**Listed entries:**
▼

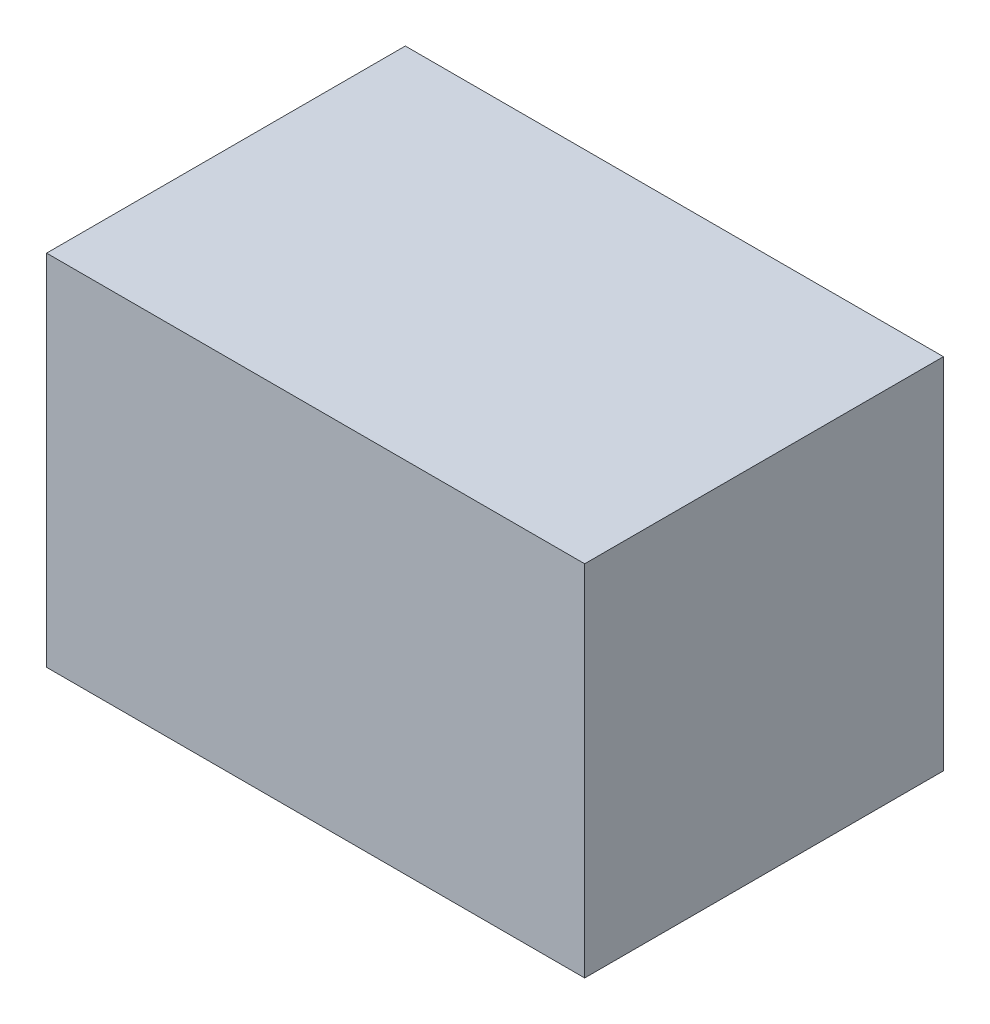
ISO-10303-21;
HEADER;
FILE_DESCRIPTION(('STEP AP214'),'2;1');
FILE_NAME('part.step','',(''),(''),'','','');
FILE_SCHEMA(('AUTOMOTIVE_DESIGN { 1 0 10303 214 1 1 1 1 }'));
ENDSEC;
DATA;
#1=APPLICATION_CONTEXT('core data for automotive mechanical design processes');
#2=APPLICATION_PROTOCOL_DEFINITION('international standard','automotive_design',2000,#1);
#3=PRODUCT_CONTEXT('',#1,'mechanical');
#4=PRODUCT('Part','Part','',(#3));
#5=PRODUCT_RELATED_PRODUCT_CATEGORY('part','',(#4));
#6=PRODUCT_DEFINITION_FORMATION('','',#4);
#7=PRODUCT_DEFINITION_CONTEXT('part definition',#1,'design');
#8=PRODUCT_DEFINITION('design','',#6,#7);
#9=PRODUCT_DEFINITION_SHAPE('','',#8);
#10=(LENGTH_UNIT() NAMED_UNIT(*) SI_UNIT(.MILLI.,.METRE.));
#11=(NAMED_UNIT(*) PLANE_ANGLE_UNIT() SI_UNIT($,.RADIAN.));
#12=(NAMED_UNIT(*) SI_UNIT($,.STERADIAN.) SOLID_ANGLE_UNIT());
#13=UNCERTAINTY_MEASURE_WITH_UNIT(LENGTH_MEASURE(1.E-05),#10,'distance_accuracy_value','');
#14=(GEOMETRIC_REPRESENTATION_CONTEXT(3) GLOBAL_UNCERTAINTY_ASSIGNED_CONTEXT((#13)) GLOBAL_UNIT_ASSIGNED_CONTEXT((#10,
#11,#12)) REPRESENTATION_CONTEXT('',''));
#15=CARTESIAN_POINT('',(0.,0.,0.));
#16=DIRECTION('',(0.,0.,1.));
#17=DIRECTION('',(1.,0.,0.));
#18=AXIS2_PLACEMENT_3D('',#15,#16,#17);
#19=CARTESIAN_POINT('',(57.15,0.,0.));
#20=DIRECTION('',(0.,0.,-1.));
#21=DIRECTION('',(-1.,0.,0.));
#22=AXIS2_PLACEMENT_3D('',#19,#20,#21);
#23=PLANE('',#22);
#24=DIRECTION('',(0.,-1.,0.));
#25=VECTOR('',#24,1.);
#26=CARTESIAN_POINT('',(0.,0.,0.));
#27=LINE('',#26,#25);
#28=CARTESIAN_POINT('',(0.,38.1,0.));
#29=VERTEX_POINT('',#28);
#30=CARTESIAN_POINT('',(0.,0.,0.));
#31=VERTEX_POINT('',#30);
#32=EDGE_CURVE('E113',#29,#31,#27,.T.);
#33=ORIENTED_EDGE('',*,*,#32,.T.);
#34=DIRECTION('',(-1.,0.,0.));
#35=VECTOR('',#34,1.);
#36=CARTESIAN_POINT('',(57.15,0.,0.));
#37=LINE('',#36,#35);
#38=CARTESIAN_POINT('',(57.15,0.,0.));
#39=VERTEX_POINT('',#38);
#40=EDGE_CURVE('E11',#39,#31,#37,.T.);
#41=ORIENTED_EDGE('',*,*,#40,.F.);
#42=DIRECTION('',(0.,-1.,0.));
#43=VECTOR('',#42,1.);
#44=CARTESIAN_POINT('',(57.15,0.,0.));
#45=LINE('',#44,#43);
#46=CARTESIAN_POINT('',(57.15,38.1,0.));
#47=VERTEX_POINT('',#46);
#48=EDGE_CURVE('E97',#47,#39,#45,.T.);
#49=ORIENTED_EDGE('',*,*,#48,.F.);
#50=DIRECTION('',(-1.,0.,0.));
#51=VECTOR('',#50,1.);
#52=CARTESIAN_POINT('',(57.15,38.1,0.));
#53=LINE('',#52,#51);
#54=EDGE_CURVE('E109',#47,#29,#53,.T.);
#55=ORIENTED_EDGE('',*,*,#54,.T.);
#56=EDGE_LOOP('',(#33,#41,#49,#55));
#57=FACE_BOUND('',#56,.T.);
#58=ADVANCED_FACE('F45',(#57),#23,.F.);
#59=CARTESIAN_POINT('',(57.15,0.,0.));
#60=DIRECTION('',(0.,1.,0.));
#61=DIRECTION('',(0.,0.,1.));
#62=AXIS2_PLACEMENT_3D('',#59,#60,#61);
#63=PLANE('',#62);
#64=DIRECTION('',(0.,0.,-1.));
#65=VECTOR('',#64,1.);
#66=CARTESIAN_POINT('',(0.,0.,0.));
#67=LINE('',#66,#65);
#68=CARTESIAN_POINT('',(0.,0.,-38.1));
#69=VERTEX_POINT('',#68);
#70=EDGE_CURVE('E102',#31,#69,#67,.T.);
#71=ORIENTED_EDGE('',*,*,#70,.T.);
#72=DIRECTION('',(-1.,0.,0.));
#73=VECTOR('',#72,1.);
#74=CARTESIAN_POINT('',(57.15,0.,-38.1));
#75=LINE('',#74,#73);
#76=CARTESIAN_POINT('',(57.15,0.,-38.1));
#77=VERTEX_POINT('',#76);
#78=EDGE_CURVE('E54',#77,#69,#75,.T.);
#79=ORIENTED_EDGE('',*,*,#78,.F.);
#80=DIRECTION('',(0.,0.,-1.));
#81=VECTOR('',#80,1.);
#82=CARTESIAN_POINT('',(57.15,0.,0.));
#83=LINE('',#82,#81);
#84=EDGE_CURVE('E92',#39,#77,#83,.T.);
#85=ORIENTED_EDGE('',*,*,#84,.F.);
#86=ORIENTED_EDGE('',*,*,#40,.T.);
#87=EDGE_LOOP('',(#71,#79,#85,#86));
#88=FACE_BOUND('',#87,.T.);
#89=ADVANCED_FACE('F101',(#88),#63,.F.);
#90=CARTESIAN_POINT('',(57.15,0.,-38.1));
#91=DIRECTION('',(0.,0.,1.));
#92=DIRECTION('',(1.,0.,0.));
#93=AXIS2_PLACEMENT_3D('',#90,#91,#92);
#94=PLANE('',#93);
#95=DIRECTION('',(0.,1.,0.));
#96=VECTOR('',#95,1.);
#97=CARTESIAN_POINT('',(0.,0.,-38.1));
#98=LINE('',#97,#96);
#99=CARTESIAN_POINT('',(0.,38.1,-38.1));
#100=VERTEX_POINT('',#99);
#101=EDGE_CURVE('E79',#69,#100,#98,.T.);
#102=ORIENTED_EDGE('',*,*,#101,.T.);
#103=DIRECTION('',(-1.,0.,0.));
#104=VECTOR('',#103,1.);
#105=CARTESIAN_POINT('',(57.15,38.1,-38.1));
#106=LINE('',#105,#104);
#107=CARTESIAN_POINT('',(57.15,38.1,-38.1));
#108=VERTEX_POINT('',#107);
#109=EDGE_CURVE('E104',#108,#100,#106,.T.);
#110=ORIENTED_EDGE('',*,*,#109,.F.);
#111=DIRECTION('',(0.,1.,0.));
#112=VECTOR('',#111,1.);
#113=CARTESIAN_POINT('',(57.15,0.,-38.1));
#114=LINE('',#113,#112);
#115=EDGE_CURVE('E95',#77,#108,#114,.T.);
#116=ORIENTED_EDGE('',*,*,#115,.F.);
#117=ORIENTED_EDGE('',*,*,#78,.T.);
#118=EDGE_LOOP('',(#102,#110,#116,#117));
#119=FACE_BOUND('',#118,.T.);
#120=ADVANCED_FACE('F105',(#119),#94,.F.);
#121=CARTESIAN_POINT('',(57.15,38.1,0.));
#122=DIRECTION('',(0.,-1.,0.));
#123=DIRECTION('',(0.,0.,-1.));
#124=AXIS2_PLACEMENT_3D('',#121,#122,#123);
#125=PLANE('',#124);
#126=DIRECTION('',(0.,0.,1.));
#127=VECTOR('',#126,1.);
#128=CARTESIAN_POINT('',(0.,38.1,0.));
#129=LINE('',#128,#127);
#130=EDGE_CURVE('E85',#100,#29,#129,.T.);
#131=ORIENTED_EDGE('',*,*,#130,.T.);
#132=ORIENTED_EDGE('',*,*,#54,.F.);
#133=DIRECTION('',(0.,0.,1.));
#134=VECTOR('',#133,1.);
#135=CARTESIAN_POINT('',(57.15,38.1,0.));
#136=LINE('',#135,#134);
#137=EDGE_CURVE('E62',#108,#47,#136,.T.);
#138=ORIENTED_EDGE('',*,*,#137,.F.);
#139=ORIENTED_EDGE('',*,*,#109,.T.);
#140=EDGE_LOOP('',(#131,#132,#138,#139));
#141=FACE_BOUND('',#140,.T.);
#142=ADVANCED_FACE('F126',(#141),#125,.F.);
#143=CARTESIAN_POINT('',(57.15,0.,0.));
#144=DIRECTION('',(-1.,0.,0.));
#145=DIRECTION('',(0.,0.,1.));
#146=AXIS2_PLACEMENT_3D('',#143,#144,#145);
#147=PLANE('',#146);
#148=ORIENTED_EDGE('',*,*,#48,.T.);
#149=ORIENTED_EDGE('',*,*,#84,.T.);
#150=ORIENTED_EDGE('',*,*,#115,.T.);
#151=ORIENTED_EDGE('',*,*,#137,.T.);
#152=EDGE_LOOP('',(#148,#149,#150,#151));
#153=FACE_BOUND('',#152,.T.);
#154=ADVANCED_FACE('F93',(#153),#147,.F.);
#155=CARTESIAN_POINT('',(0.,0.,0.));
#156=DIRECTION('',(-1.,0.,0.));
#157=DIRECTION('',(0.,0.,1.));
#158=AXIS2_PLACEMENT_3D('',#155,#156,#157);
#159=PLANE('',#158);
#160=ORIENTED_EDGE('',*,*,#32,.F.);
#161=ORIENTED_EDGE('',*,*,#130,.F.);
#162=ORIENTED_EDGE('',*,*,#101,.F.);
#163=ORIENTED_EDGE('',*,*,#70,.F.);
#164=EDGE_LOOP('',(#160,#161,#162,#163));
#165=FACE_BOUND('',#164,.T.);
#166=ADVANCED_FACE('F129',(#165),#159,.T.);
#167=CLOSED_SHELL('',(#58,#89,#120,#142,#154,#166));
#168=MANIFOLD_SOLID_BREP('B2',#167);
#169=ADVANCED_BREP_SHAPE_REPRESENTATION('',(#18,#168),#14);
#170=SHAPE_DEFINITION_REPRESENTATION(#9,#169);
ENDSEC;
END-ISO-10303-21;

▲

**Task objective:**
Print the line with "#135=CARTESIAN_POINT('',(57.15,38.1,0.));" and every line after it in the entries above, exactly as written. Leave out all other lines.

**Written solution:**
#135=CARTESIAN_POINT('',(57.15,38.1,0.));
#136=LINE('',#135,#134);
#137=EDGE_CURVE('E62',#108,#47,#136,.T.);
#138=ORIENTED_EDGE('',*,*,#137,.F.);
#139=ORIENTED_EDGE('',*,*,#109,.T.);
#140=EDGE_LOOP('',(#131,#132,#138,#139));
#141=FACE_BOUND('',#140,.T.);
#142=ADVANCED_FACE('F126',(#141),#125,.F.);
#143=CARTESIAN_POINT('',(57.15,0.,0.));
#144=DIRECTION('',(-1.,0.,0.));
#145=DIRECTION('',(0.,0.,1.));
#146=AXIS2_PLACEMENT_3D('',#143,#144,#145);
#147=PLANE('',#146);
#148=ORIENTED_EDGE('',*,*,#48,.T.);
#149=ORIENTED_EDGE('',*,*,#84,.T.);
#150=ORIENTED_EDGE('',*,*,#115,.T.);
#151=ORIENTED_EDGE('',*,*,#137,.T.);
#152=EDGE_LOOP('',(#148,#149,#150,#151));
#153=FACE_BOUND('',#152,.T.);
#154=ADVANCED_FACE('F93',(#153),#147,.F.);
#155=CARTESIAN_POINT('',(0.,0.,0.));
#156=DIRECTION('',(-1.,0.,0.));
#157=DIRECTION('',(0.,0.,1.));
#158=AXIS2_PLACEMENT_3D('',#155,#156,#157);
#159=PLANE('',#158);
#160=ORIENTED_EDGE('',*,*,#32,.F.);
#161=ORIENTED_EDGE('',*,*,#130,.F.);
#162=ORIENTED_EDGE('',*,*,#101,.F.);
#163=ORIENTED_EDGE('',*,*,#70,.F.);
#164=EDGE_LOOP('',(#160,#161,#162,#163));
#165=FACE_BOUND('',#164,.T.);
#166=ADVANCED_FACE('F129',(#165),#159,.T.);
#167=CLOSED_SHELL('',(#58,#89,#120,#142,#154,#166));
#168=MANIFOLD_SOLID_BREP('B2',#167);
#169=ADVANCED_BREP_SHAPE_REPRESENTATION('',(#18,#168),#14);
#170=SHAPE_DEFINITION_REPRESENTATION(#9,#169);
ENDSEC;
END-ISO-10303-21;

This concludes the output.